To view a video interview with Jeremy Weir about the Annual Results and to download a copy of the Annual Report visit: www.trafigura.com/financials
For high resolution images visit: https://www.flickr.com/photos/trafigura_images/
For further information please contact: Trafigura’s Global Press Office: +41 22 592 4528 or email@example.com
Notes to editors
Founded in 1993, the Trafigura Group has become one of the world’s leading independent commodity traders, specialising in the oil, minerals and metals markets. Primary trading activities are the supply and transport of oil and petroleum products and metals and minerals. The trading business is supported by industrial and financial assets including global oil products distribution company Puma Energy; joint venture company DT Group; global terminals operator Impala; Trafigura’s Mining Group and Galena Asset Management. The Trafigura Group is owned by 600 of its 5,600 employees who work in 36 countries around the world. The Group has been connecting its customers to the global economy for more than two decades, growing prosperity by advancing trade. www.trafigura.com
iThe like-for-like comparison excludes in both years significant divestments of previously consolidated subsidiaries and the related revaluation gains following their deconsolidation.
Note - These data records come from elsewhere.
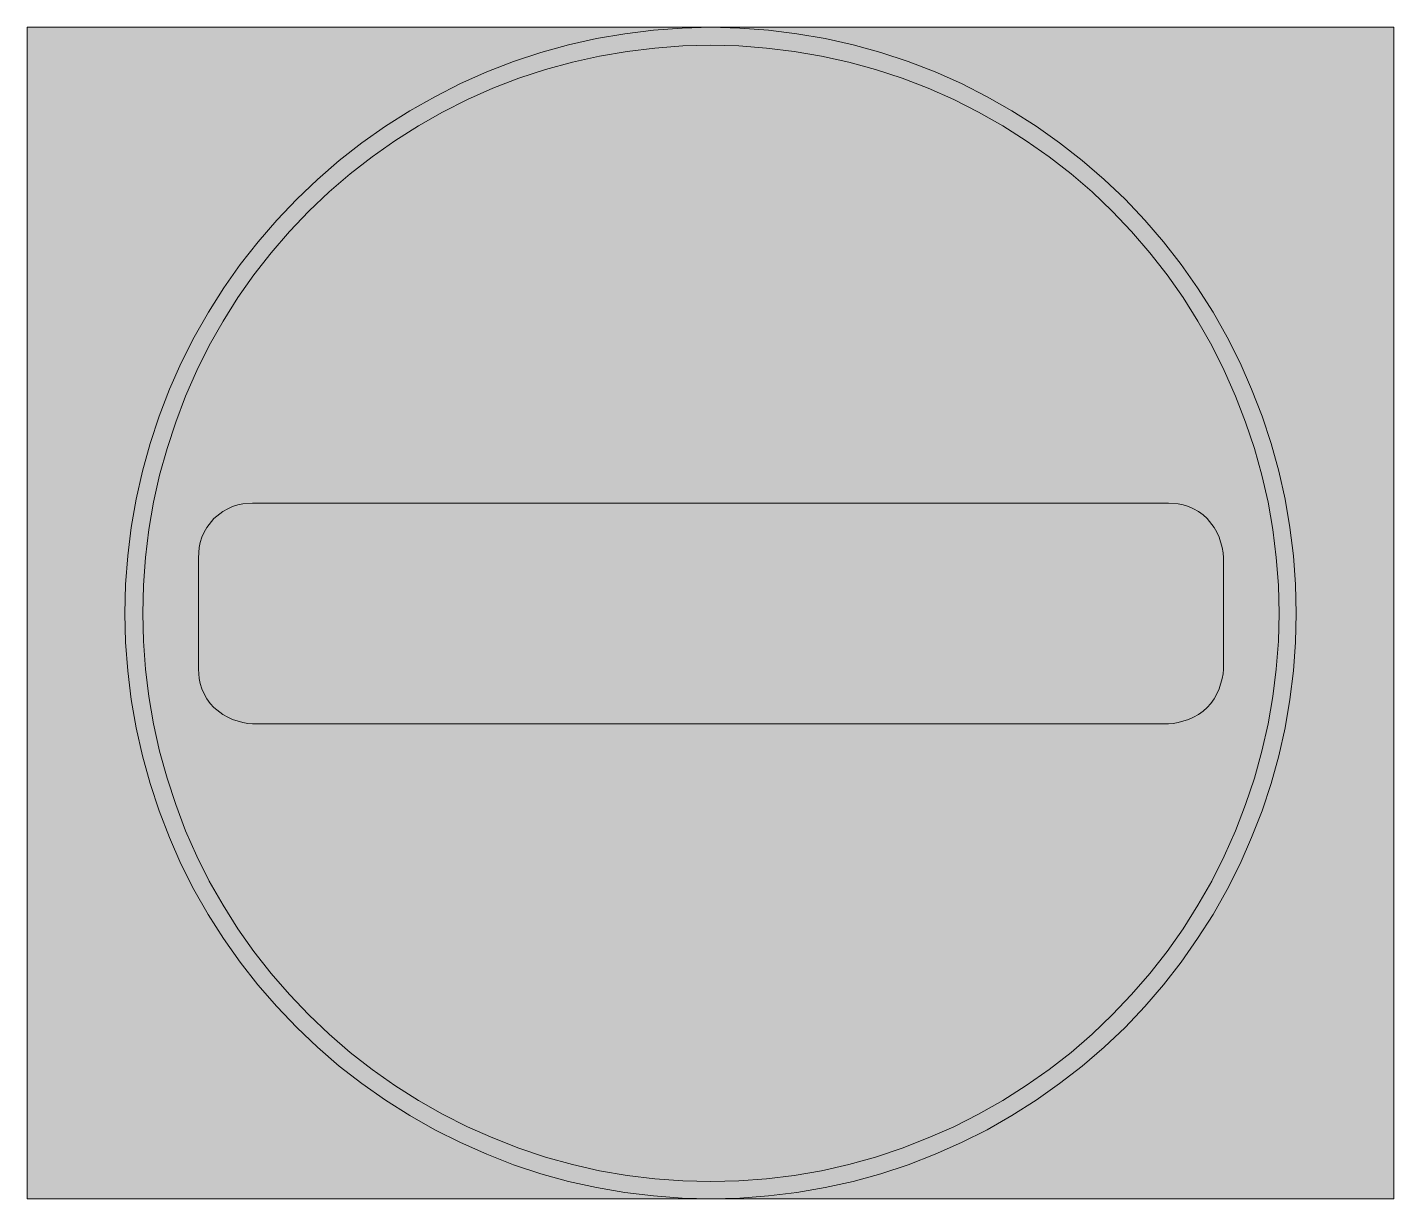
# Model space of a CAD drawing. Header units: metres. Extents: x 141 to 429, y 13 to 259.
import ezdxf

# ---------------------------------------------------------------- set-up
doc = ezdxf.new("R2010")
doc.units = ezdxf.units.M
for name, color, linetype, true_color in [('FILL_RED_FF0000', 7, 'Continuous', 0xff0000), ('FILL_WHITE_FFFFFF', 7, 'Continuous', 0xffffff), ('FILL_YELLOW_FFFF00', 7, 'Continuous', 0xffff00)]:
    doc.layers.add(name, color=color, linetype=linetype, true_color=true_color)

msp = doc.modelspace()

# ---------------------------------------------------------------- hatches: boundary and pattern name
at = {"layer": 'FILL_RED_FF0000', "true_color": 0xff0000}
h = msp.add_hatch(color=7, dxfattribs=at)
h.dxf.hatch_style = 1
h.paths.add_polyline_path([(404.32, 130.04), (403.89, 124.2), (403.17, 118.4), (402.16, 112.64), (400.87, 106.92), (399.3, 101.27), (397.43, 95.69), (395.28, 90.18), (392.92, 84.83), (390.29, 79.6), (387.41, 74.5), (384.28, 69.55), (380.9, 64.75), (377.28, 60.13), (373.43, 55.7), (369.36, 51.48), (365.14, 47.41), (360.71, 43.56), (356.09, 39.94), (351.29, 36.56), (346.34, 33.43), (341.24, 30.55), (336.01, 27.92), (330.66, 25.56), (325.15, 23.41), (319.57, 21.54), (313.92, 19.97), (308.2, 18.67), (302.44, 17.67), (296.64, 16.95), (290.8, 16.52), (284.94, 16.38), (279.02, 16.52), (273.14, 16.95), (267.3, 17.67), (261.52, 18.67), (255.79, 19.97), (250.14, 21.54), (244.55, 23.41), (239.04, 25.56), (233.7, 27.92), (228.49, 30.55), (223.41, 33.43), (218.47, 36.56), (213.69, 39.94), (209.07, 43.56), (204.62, 47.41), (200.34, 51.48), (196.27, 55.7), (192.42, 60.13), (188.8, 64.75), (185.42, 69.55), (182.29, 74.5), (179.41, 79.6), (176.78, 84.83), (174.42, 90.18), (172.33, 95.69), (170.51, 101.27), (168.96, 106.92), (167.69, 112.64), (166.7, 118.4), (165.99, 124.2), (165.56, 130.04), (165.42, 135.9), (165.56, 141.82), (165.99, 147.7), (166.7, 153.53), (167.69, 159.3), (168.96, 165), (170.51, 170.63), (172.33, 176.17), (174.42, 181.62), (176.78, 187.02), (179.41, 192.28), (182.29, 197.39), (185.42, 202.34), (188.8, 207.14), (192.42, 211.77), (196.27, 216.22), (200.34, 220.5), (204.62, 224.57), (209.07, 228.4), (213.69, 231.99), (218.47, 235.35), (223.41, 238.47), (228.49, 241.36), (233.7, 244.01), (239.04, 246.42), (244.55, 248.51), (250.14, 250.33), (255.79, 251.88), (261.52, 253.15), (267.3, 254.14), (273.14, 254.85), (279.02, 255.28), (284.94, 255.42), (290.8, 255.28), (296.64, 254.85), (302.44, 254.14), (308.2, 253.15), (313.92, 251.88), (319.57, 250.33), (325.15, 248.51), (330.66, 246.42), (336.01, 244.01), (341.24, 241.36), (346.34, 238.47), (351.29, 235.35), (356.09, 231.99), (360.71, 228.4), (365.14, 224.57), (369.36, 220.5), (373.43, 216.22), (377.28, 211.77), (380.9, 207.14), (384.28, 202.34), (387.41, 197.39), (390.29, 192.28), (392.92, 187.02), (395.28, 181.62), (397.43, 176.17), (399.3, 170.63), (400.87, 165), (402.16, 159.3), (403.17, 153.53), (403.89, 147.7), (404.32, 141.82), (404.46, 135.9), (404.32, 130.04)])
at = {"layer": 'FILL_WHITE_FFFFFF', "true_color": 0xffffff}
h = msp.add_hatch(color=7, dxfattribs=at)
h.dxf.hatch_style = 1
h.paths.add_polyline_path([(407.92, 129.84), (407.48, 123.8), (406.76, 117.8), (405.74, 111.85), (404.43, 105.96), (402.82, 100.13), (400.91, 94.39), (398.7, 88.74), (396.26, 83.21), (393.55, 77.81), (390.57, 72.57), (387.34, 67.48), (383.86, 62.55), (380.15, 57.78), (376.21, 53.19), (372.06, 48.78), (367.65, 44.63), (363.06, 40.69), (358.29, 36.98), (353.36, 33.5), (348.27, 30.27), (343.03, 27.29), (337.63, 24.58), (332.1, 22.14), (326.45, 19.93), (320.71, 18.02), (314.88, 16.41), (308.99, 15.1), (303.04, 14.08), (297.04, 13.36), (291, 12.92), (284.94, 12.78), (278.88, 12.92), (272.84, 13.36), (266.84, 14.08), (260.89, 15.1), (255, 16.41), (249.17, 18.02), (243.43, 19.93), (237.78, 22.14), (232.24, 24.58), (226.83, 27.29), (221.56, 30.27), (216.45, 33.5), (211.51, 36.98), (206.75, 40.69), (202.18, 44.63), (197.82, 48.78), (193.61, 53.19), (189.63, 57.78), (185.89, 62.55), (182.38, 67.48), (179.14, 72.57), (176.15, 77.81), (173.44, 83.21), (171, 88.74), (168.84, 94.39), (166.96, 100.13), (165.35, 105.96), (164.02, 111.85), (162.99, 117.8), (162.24, 123.8), (161.79, 129.84), (161.64, 135.9), (161.79, 141.96), (162.24, 148), (162.99, 154), (164.02, 159.95), (165.35, 165.84), (166.96, 171.67), (168.84, 177.41), (171, 183.06), (173.49, 188.6), (176.23, 194.01), (179.22, 199.28), (182.45, 204.39), (185.93, 209.33), (189.66, 214.09), (193.62, 218.66), (197.82, 223.02), (202.18, 227.22), (206.75, 231.18), (211.51, 234.91), (216.45, 238.39), (221.56, 241.62), (226.83, 244.61), (232.24, 247.35), (237.78, 249.84), (243.43, 252), (249.17, 253.88), (255, 255.49), (260.89, 256.82), (266.84, 257.85), (272.84, 258.6), (278.88, 259.05), (284.94, 259.2), (291, 259.05), (297.04, 258.6), (303.04, 257.85), (308.99, 256.82), (314.88, 255.49), (320.71, 253.88), (326.45, 252), (332.1, 249.84), (337.63, 247.35), (343.03, 244.61), (348.27, 241.62), (353.36, 238.39), (358.29, 234.91), (363.06, 231.18), (367.65, 227.22), (372.06, 223.02), (376.21, 218.66), (380.15, 214.09), (383.86, 209.33), (387.34, 204.39), (390.57, 199.28), (393.55, 194.01), (396.26, 188.6), (398.7, 183.06), (400.91, 177.41), (402.82, 171.67), (404.43, 165.84), (405.74, 159.95), (406.76, 154), (407.48, 148), (407.92, 141.96), (408.06, 135.9), (407.92, 129.84)])
h = msp.add_hatch(color=7, dxfattribs=at)
h.dxf.hatch_style = 1
h.paths.add_polyline_path([(381.24, 159.12), (383.24, 158.96), (384.3, 158.74), (385.38, 158.4), (386.45, 157.93), (387.5, 157.34), (388.47, 156.65), (389.34, 155.88), (390.8, 153.97), (391.39, 152.97), (391.86, 151.92), (392.51, 149.76), (392.7, 148.68), (392.76, 147.6), (392.76, 124.2), (392.7, 123.22), (392.51, 122.2), (391.86, 120.06), (391.39, 118.99), (390.8, 117.95), (390.11, 116.97), (389.34, 116.1), (388.47, 115.33), (387.5, 114.64), (386.45, 114.05), (385.38, 113.58), (383.24, 112.93), (382.22, 112.74), (381.24, 112.68), (188.46, 112.68), (187.48, 112.74), (186.46, 112.93), (184.32, 113.58), (183.27, 114.05), (182.27, 114.64), (180.36, 116.1), (179.59, 116.97), (178.9, 117.95), (178.31, 118.99), (177.84, 120.06), (177.5, 121.14), (177.28, 122.2), (177.12, 124.2), (177.12, 147.6), (177.28, 149.76), (177.5, 150.84), (177.84, 151.92), (178.31, 152.97), (178.9, 153.97), (180.36, 155.88), (182.27, 157.34), (183.27, 157.93), (184.32, 158.4), (185.4, 158.74), (186.46, 158.96), (188.46, 159.12), (381.24, 159.12)])
at = {"layer": 'FILL_YELLOW_FFFF00', "true_color": 0xffff00}
h = msp.add_hatch(color=7, dxfattribs=at)
h.dxf.hatch_style = 1
h.paths.add_polyline_path([(428.58, 259.2), (428.58, 12.78), (141.12, 12.78), (141.12, 259.2), (428.58, 259.2)])

# ---------------------------------------------------------------- linework, layer by layer
at = {"layer": 'FILL_RED_FF0000', "lineweight": 0, "true_color": 0xff0000}
msp.add_lwpolyline([(404.32, 130.04), (403.89, 124.2), (403.17, 118.4), (402.16, 112.64), (400.87, 106.92), (399.3, 101.27), (397.43, 95.69), (395.28, 90.18), (392.92, 84.83), (390.29, 79.6), (387.41, 74.5), (384.28, 69.55), (380.9, 64.75), (377.28, 60.13), (373.43, 55.7), (369.36, 51.48), (365.14, 47.41), (360.71, 43.56), (356.09, 39.94), (351.29, 36.56), (346.34, 33.43), (341.24, 30.55), (336.01, 27.92), (330.66, 25.56), (325.15, 23.41), (319.57, 21.54), (313.92, 19.97), (308.2, 18.67), (302.44, 17.67), (296.64, 16.95), (290.8, 16.52), (284.94, 16.38), (279.02, 16.52), (273.14, 16.95), (267.3, 17.67), (261.52, 18.67), (255.79, 19.97), (250.14, 21.54), (244.55, 23.41), (239.04, 25.56), (233.7, 27.92), (228.49, 30.55), (223.41, 33.43), (218.47, 36.56), (213.69, 39.94), (209.07, 43.56), (204.62, 47.41), (200.34, 51.48), (196.27, 55.7), (192.42, 60.13), (188.8, 64.75), (185.42, 69.55), (182.29, 74.5), (179.41, 79.6), (176.78, 84.83), (174.42, 90.18), (172.33, 95.69), (170.51, 101.27), (168.96, 106.92), (167.69, 112.64), (166.7, 118.4), (165.99, 124.2), (165.56, 130.04), (165.42, 135.9), (165.56, 141.82), (165.99, 147.7), (166.7, 153.53), (167.69, 159.3), (168.96, 165), (170.51, 170.63), (172.33, 176.17), (174.42, 181.62), (176.78, 187.02), (179.41, 192.28), (182.29, 197.39), (185.42, 202.34), (188.8, 207.14), (192.42, 211.77), (196.27, 216.22), (200.34, 220.5), (204.62, 224.57), (209.07, 228.4), (213.69, 231.99), (218.47, 235.35), (223.41, 238.47), (228.49, 241.36), (233.7, 244.01), (239.04, 246.42), (244.55, 248.51), (250.14, 250.33), (255.79, 251.88), (261.52, 253.15), (267.3, 254.14), (273.14, 254.85), (279.02, 255.28), (284.94, 255.42), (290.8, 255.28), (296.64, 254.85), (302.44, 254.14), (308.2, 253.15), (313.92, 251.88), (319.57, 250.33), (325.15, 248.51), (330.66, 246.42), (336.01, 244.01), (341.24, 241.36), (346.34, 238.47), (351.29, 235.35), (356.09, 231.99), (360.71, 228.4), (365.14, 224.57), (369.36, 220.5), (373.43, 216.22), (377.28, 211.77), (380.9, 207.14), (384.28, 202.34), (387.41, 197.39), (390.29, 192.28), (392.92, 187.02), (395.28, 181.62), (397.43, 176.17), (399.3, 170.63), (400.87, 165), (402.16, 159.3), (403.17, 153.53), (403.89, 147.7), (404.32, 141.82), (404.46, 135.9)], close=True, dxfattribs=at)
at = {"layer": 'FILL_WHITE_FFFFFF', "lineweight": 0, "true_color": 0xffff00}
msp.add_lwpolyline([(407.92, 129.84), (407.48, 123.8), (406.76, 117.8), (405.74, 111.85), (404.43, 105.96), (402.82, 100.13), (400.91, 94.39), (398.7, 88.74), (396.26, 83.21), (393.55, 77.81), (390.57, 72.57), (387.34, 67.48), (383.86, 62.55), (380.15, 57.78), (376.21, 53.19), (372.06, 48.78), (367.65, 44.63), (363.06, 40.69), (358.29, 36.98), (353.36, 33.5), (348.27, 30.27), (343.03, 27.29), (337.63, 24.58), (332.1, 22.14), (326.45, 19.93), (320.71, 18.02), (314.88, 16.41), (308.99, 15.1), (303.04, 14.08), (297.04, 13.36), (291, 12.92), (284.94, 12.78), (278.88, 12.92), (272.84, 13.36), (266.84, 14.08), (260.89, 15.1), (255, 16.41), (249.17, 18.02), (243.43, 19.93), (237.78, 22.14), (232.24, 24.58), (226.83, 27.29), (221.56, 30.27), (216.45, 33.5), (211.51, 36.98), (206.75, 40.69), (202.18, 44.63), (197.82, 48.78), (193.61, 53.19), (189.63, 57.78), (185.89, 62.55), (182.38, 67.48), (179.14, 72.57), (176.15, 77.81), (173.44, 83.21), (171, 88.74), (168.84, 94.39), (166.96, 100.13), (165.35, 105.96), (164.02, 111.85), (162.99, 117.8), (162.24, 123.8), (161.79, 129.84), (161.64, 135.9), (161.79, 141.96), (162.24, 148), (162.99, 154), (164.02, 159.95), (165.35, 165.84), (166.96, 171.67), (168.84, 177.41), (171, 183.06), (173.49, 188.6), (176.23, 194.01), (179.22, 199.28), (182.45, 204.39), (185.93, 209.33), (189.66, 214.09), (193.62, 218.66), (197.82, 223.02), (202.18, 227.22), (206.75, 231.18), (211.51, 234.91), (216.45, 238.39), (221.56, 241.62), (226.83, 244.61), (232.24, 247.35), (237.78, 249.84), (243.43, 252), (249.17, 253.88), (255, 255.49), (260.89, 256.82), (266.84, 257.85), (272.84, 258.6), (278.88, 259.05), (284.94, 259.2), (291, 259.05), (297.04, 258.6), (303.04, 257.85), (308.99, 256.82), (314.88, 255.49), (320.71, 253.88), (326.45, 252), (332.1, 249.84), (337.63, 247.35), (343.03, 244.61), (348.27, 241.62), (353.36, 238.39), (358.29, 234.91), (363.06, 231.18), (367.65, 227.22), (372.06, 223.02), (376.21, 218.66), (380.15, 214.09), (383.86, 209.33), (387.34, 204.39), (390.57, 199.28), (393.55, 194.01), (396.26, 188.6), (398.7, 183.06), (400.91, 177.41), (402.82, 171.67), (404.43, 165.84), (405.74, 159.95), (406.76, 154), (407.48, 148), (407.92, 141.96), (408.06, 135.9)], close=True, dxfattribs=at)
at = {"layer": 'FILL_WHITE_FFFFFF', "lineweight": 0, "true_color": 0xff0000}
msp.add_lwpolyline([(381.24, 159.12), (383.24, 158.96), (384.3, 158.74), (385.38, 158.4), (386.45, 157.93), (387.5, 157.34), (388.47, 156.65), (389.34, 155.88), (390.8, 153.97), (391.39, 152.97), (391.86, 151.92), (392.51, 149.76), (392.7, 148.68), (392.76, 147.6), (392.76, 124.2), (392.7, 123.22), (392.51, 122.2), (391.86, 120.06), (391.39, 118.99), (390.8, 117.95), (390.11, 116.97), (389.34, 116.1), (388.47, 115.33), (387.5, 114.64), (386.45, 114.05), (385.38, 113.58), (383.24, 112.93), (382.22, 112.74), (381.24, 112.68), (188.46, 112.68), (187.48, 112.74), (186.46, 112.93), (184.32, 113.58), (183.27, 114.05), (182.27, 114.64), (180.36, 116.1), (179.59, 116.97), (178.9, 117.95), (178.31, 118.99), (177.84, 120.06), (177.5, 121.14), (177.28, 122.2), (177.12, 124.2), (177.12, 147.6), (177.28, 149.76), (177.5, 150.84), (177.84, 151.92), (178.31, 152.97), (178.9, 153.97), (180.36, 155.88), (182.27, 157.34), (183.27, 157.93), (184.32, 158.4), (185.4, 158.74), (186.46, 158.96), (188.46, 159.12)], close=True, dxfattribs=at)
at = {"layer": 'FILL_YELLOW_FFFF00', "lineweight": 0, "true_color": 0xffff00}
msp.add_lwpolyline([(428.58, 259.2), (428.58, 12.78), (141.12, 12.78), (141.12, 259.2)], close=True, dxfattribs=at)

doc.saveas('drawing.dxf')

Specifically, these divestments related to Puma Energy and the Condestable mine in 2013 and to two events in 2014: the sale of an 80 percent interest in our oil storage terminal in Corpus Christi, South Texas, and the sale of Trafigura’s bitumen business to Puma Energy Holdings in March, 2014.
iiEBITDA is operating profit excluding share in results of equity-accounted investees, depreciation and amortisation, gains/losses on divestments of subsidiaries, equity-accounted investees and other investments, impairment losses and other operating income and expense.